Reproduce the section of the listing that begins at the line containing "- 貼合:119 [Mate]" and finishes at the line containing "- 角度:4 [Angle]". Include both end lines and nothing beyond them.

(Recorded data Opens)

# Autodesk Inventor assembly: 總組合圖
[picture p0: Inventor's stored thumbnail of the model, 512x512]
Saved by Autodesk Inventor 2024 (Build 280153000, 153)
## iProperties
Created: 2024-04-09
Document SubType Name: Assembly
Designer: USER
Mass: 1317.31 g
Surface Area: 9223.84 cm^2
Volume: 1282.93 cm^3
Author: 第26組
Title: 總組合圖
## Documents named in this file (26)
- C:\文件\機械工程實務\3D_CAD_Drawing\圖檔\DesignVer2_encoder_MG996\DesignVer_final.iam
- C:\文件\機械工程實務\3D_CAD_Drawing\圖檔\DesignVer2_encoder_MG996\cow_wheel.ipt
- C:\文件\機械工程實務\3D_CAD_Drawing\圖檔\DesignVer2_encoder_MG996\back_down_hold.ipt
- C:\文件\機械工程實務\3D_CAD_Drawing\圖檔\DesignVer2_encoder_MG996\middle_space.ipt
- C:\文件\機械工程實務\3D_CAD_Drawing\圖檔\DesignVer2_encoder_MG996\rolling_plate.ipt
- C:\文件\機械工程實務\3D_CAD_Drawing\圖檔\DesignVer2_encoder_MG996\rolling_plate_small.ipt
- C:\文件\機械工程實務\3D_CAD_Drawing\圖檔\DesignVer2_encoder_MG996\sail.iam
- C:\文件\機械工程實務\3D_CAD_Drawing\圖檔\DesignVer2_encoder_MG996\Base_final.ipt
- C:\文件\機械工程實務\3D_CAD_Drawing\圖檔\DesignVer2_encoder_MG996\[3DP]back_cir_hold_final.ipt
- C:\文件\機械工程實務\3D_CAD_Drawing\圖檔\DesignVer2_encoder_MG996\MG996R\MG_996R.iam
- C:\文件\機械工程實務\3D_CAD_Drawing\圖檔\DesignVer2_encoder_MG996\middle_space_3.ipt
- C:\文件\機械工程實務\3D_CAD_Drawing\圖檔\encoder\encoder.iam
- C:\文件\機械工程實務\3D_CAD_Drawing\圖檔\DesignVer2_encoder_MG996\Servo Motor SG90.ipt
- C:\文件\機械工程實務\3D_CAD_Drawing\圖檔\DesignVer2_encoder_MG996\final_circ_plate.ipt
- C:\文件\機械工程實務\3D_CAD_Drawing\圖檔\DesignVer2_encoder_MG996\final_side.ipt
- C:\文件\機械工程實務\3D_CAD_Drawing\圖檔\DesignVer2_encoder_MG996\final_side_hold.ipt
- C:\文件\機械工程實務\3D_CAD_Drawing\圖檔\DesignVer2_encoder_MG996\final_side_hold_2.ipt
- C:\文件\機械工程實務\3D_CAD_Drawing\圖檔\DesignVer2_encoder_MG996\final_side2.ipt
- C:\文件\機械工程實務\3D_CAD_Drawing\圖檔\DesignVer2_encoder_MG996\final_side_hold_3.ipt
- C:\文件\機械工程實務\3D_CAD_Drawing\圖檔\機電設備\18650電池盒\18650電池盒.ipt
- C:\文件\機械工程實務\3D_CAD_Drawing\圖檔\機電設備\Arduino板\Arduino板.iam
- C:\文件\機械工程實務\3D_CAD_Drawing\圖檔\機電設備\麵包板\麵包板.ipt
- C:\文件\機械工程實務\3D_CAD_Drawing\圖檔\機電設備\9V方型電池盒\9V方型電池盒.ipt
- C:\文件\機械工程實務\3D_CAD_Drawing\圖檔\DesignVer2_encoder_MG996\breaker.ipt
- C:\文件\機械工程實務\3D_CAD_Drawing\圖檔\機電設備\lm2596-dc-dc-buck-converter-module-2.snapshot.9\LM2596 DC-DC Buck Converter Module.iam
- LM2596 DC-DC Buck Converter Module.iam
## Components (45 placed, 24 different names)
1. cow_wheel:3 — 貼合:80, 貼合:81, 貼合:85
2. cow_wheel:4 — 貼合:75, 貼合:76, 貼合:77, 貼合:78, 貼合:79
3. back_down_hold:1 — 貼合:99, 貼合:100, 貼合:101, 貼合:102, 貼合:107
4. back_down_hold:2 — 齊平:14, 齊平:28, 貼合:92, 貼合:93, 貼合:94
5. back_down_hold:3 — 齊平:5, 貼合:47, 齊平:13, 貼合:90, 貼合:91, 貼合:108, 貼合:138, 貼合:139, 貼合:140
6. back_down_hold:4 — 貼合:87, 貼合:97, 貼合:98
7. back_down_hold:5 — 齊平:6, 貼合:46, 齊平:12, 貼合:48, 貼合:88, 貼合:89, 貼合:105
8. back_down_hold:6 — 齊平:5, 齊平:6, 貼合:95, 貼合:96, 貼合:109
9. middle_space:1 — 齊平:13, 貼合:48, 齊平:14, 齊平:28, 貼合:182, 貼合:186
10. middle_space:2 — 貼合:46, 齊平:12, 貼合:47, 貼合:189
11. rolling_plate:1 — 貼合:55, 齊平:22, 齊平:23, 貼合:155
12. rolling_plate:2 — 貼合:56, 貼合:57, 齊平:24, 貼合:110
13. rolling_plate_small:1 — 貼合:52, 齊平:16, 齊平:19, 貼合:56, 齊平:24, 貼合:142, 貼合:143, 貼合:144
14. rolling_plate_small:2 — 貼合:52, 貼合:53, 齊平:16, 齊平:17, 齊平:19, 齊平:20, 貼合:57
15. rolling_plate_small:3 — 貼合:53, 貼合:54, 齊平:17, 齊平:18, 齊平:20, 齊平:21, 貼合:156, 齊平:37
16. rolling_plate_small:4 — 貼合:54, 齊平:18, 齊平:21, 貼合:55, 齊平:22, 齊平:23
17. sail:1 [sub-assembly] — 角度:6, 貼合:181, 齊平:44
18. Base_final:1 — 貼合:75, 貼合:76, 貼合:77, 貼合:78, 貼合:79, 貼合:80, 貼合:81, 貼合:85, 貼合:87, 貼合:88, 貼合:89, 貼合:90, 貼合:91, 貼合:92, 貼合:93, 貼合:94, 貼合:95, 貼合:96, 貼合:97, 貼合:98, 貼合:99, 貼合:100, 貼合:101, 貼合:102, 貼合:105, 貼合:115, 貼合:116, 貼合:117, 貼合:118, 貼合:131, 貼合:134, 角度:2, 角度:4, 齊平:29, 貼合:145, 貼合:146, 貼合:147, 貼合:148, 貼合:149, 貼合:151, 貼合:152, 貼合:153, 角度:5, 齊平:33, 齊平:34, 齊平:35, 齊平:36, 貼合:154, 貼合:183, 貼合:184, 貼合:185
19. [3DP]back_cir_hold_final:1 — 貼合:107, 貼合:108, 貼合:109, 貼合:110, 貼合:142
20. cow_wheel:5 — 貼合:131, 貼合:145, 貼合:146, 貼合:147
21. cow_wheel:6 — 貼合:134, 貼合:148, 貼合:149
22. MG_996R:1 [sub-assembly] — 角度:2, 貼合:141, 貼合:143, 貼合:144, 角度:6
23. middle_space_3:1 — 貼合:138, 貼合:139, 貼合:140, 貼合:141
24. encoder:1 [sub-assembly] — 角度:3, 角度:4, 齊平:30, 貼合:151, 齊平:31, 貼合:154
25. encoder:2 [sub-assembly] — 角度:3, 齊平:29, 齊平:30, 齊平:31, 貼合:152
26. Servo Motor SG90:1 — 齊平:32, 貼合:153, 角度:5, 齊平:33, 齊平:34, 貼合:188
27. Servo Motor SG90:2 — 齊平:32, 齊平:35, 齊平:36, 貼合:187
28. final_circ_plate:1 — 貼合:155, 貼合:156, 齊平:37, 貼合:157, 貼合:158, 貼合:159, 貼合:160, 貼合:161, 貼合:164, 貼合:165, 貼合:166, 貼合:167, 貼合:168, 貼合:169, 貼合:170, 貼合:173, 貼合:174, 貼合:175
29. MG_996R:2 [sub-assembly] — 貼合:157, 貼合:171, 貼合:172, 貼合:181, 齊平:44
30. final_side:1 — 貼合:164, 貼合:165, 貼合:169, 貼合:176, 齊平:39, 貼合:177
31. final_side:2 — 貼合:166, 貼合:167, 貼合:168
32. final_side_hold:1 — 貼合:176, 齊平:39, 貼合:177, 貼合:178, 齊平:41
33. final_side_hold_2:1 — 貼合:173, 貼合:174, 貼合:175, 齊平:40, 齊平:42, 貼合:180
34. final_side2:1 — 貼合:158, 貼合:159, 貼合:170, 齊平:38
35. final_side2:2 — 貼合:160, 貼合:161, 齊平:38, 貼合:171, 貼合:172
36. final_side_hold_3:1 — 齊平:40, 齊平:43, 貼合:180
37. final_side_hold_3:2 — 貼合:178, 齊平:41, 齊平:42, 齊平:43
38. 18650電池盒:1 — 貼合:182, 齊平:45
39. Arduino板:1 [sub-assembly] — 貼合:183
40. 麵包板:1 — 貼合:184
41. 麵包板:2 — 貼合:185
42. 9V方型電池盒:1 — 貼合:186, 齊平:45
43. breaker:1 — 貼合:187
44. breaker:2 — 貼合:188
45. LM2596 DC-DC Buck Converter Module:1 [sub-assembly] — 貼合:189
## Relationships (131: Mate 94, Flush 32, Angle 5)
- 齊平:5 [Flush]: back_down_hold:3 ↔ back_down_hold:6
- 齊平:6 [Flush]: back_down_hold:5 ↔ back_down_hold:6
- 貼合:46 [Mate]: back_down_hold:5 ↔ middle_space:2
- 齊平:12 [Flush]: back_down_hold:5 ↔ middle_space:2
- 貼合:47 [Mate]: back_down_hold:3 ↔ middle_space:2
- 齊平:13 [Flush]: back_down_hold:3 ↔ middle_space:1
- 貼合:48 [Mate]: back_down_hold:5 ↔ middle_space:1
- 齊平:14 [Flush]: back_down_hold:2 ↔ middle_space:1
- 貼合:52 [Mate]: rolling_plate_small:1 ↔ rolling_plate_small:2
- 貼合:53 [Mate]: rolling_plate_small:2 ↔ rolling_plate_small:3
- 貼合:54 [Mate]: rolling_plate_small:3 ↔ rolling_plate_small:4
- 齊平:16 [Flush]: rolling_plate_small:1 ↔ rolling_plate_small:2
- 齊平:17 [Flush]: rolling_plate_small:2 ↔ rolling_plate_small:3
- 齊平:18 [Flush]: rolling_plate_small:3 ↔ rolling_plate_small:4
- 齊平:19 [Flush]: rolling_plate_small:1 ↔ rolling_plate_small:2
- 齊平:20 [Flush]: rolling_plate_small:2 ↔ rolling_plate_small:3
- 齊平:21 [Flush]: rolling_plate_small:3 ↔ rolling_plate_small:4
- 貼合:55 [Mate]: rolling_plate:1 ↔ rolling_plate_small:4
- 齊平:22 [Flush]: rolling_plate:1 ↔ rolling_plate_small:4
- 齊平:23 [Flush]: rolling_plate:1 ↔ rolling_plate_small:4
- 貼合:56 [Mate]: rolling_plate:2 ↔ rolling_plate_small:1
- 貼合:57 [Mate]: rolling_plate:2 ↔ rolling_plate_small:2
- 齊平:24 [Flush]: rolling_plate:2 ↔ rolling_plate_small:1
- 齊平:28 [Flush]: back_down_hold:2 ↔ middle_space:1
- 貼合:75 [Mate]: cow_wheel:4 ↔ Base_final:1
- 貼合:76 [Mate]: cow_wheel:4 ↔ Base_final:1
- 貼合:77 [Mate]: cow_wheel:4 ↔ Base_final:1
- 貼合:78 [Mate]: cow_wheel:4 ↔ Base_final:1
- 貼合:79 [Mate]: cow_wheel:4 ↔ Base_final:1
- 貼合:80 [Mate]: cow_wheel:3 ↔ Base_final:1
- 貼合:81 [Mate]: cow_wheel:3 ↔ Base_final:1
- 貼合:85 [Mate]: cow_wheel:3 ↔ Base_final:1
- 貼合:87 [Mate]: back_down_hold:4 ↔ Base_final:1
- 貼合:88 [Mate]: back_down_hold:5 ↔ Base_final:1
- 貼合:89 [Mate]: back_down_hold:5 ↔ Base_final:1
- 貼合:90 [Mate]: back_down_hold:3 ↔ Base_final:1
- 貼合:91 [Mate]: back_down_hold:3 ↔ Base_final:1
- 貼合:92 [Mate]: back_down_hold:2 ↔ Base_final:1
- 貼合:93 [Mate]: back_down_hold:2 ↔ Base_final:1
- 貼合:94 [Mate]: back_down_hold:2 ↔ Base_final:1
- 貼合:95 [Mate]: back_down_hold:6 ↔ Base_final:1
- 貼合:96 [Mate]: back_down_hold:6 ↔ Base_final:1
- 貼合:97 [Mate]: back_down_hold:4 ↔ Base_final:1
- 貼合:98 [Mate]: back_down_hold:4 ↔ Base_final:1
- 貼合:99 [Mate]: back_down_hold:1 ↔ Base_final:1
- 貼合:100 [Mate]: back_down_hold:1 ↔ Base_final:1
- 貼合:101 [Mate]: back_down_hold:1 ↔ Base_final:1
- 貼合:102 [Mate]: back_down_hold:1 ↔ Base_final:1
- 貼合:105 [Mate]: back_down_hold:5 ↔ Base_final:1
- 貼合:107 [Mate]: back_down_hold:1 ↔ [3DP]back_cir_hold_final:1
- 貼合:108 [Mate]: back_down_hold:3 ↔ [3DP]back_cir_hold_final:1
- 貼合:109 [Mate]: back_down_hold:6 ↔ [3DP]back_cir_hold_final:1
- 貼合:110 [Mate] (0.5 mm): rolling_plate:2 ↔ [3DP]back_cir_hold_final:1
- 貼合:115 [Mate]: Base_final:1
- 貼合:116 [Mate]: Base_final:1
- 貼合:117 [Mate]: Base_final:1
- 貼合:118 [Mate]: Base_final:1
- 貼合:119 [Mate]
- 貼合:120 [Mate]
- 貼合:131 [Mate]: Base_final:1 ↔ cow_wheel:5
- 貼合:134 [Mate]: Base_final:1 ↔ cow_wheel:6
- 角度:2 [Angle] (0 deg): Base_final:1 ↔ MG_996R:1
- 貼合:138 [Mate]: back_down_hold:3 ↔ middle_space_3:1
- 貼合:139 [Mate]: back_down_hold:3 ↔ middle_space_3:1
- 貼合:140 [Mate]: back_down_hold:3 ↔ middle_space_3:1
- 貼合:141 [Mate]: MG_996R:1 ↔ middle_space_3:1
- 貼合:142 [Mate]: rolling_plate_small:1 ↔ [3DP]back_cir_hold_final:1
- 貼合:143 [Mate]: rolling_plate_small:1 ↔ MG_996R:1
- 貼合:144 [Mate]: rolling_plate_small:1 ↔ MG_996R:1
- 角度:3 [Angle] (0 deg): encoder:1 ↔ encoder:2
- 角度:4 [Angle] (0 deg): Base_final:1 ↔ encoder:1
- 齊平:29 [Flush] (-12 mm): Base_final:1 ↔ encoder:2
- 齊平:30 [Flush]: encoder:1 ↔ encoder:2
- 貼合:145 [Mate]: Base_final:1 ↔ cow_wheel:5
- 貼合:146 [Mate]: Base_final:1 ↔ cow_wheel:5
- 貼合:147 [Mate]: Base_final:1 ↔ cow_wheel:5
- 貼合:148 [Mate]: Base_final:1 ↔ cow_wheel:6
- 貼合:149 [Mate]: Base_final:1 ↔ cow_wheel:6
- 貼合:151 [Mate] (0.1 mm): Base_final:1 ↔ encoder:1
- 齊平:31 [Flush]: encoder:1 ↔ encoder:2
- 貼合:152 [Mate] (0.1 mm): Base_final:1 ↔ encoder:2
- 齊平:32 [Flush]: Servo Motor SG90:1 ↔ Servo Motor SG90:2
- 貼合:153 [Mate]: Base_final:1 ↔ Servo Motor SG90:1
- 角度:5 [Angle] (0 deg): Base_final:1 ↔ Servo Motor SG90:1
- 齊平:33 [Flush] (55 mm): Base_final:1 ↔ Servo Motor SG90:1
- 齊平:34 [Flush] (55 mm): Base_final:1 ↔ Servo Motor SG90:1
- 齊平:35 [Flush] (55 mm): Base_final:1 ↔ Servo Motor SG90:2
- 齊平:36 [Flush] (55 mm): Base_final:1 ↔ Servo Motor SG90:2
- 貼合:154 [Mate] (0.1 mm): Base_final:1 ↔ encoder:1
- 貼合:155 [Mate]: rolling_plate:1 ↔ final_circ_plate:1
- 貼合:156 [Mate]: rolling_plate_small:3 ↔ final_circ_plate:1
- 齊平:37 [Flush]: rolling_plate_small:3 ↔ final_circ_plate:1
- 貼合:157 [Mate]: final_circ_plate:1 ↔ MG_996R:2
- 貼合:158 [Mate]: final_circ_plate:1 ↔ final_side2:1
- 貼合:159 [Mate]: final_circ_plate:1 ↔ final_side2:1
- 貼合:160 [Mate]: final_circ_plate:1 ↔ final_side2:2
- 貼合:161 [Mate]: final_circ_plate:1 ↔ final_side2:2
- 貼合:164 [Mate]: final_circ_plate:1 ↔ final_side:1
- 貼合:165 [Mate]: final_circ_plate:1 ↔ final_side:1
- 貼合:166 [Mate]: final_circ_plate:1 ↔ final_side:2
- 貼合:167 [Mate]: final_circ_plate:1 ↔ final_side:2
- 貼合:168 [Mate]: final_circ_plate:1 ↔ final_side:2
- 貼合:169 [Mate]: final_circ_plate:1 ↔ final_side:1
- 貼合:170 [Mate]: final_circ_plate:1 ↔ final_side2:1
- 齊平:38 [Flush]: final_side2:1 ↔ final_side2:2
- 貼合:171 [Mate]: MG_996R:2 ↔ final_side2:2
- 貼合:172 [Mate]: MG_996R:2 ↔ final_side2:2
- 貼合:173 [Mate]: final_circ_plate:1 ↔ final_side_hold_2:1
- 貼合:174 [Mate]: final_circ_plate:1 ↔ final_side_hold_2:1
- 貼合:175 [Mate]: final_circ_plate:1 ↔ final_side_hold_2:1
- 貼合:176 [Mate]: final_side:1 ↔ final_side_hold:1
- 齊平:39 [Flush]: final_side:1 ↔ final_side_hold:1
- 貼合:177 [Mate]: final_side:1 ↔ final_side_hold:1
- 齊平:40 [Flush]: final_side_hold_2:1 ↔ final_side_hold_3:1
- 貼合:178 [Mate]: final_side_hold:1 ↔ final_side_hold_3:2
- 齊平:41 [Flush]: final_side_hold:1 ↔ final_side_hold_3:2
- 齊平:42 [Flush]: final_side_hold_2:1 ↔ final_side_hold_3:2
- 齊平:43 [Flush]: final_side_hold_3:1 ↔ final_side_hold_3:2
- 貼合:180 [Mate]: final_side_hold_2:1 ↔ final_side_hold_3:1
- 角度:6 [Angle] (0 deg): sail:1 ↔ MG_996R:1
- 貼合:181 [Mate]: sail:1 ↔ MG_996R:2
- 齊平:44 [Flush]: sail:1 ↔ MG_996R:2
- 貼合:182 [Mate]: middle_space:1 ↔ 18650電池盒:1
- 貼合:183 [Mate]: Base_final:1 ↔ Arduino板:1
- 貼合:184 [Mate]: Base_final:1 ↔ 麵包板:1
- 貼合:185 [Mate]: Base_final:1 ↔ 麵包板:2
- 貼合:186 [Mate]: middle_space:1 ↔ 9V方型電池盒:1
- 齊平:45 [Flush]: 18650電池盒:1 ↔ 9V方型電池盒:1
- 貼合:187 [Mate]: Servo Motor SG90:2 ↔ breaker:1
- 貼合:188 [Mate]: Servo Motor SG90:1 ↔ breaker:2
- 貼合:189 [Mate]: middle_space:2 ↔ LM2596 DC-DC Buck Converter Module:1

(Recorded data Closes)

Output of the exercise >>
- 貼合:119 [Mate]
- 貼合:120 [Mate]
- 貼合:131 [Mate]: Base_final:1 ↔ cow_wheel:5
- 貼合:134 [Mate]: Base_final:1 ↔ cow_wheel:6
- 角度:2 [Angle] (0 deg): Base_final:1 ↔ MG_996R:1
- 貼合:138 [Mate]: back_down_hold:3 ↔ middle_space_3:1
- 貼合:139 [Mate]: back_down_hold:3 ↔ middle_space_3:1
- 貼合:140 [Mate]: back_down_hold:3 ↔ middle_space_3:1
- 貼合:141 [Mate]: MG_996R:1 ↔ middle_space_3:1
- 貼合:142 [Mate]: rolling_plate_small:1 ↔ [3DP]back_cir_hold_final:1
- 貼合:143 [Mate]: rolling_plate_small:1 ↔ MG_996R:1
- 貼合:144 [Mate]: rolling_plate_small:1 ↔ MG_996R:1
- 角度:3 [Angle] (0 deg): encoder:1 ↔ encoder:2
- 角度:4 [Angle] (0 deg): Base_final:1 ↔ encoder:1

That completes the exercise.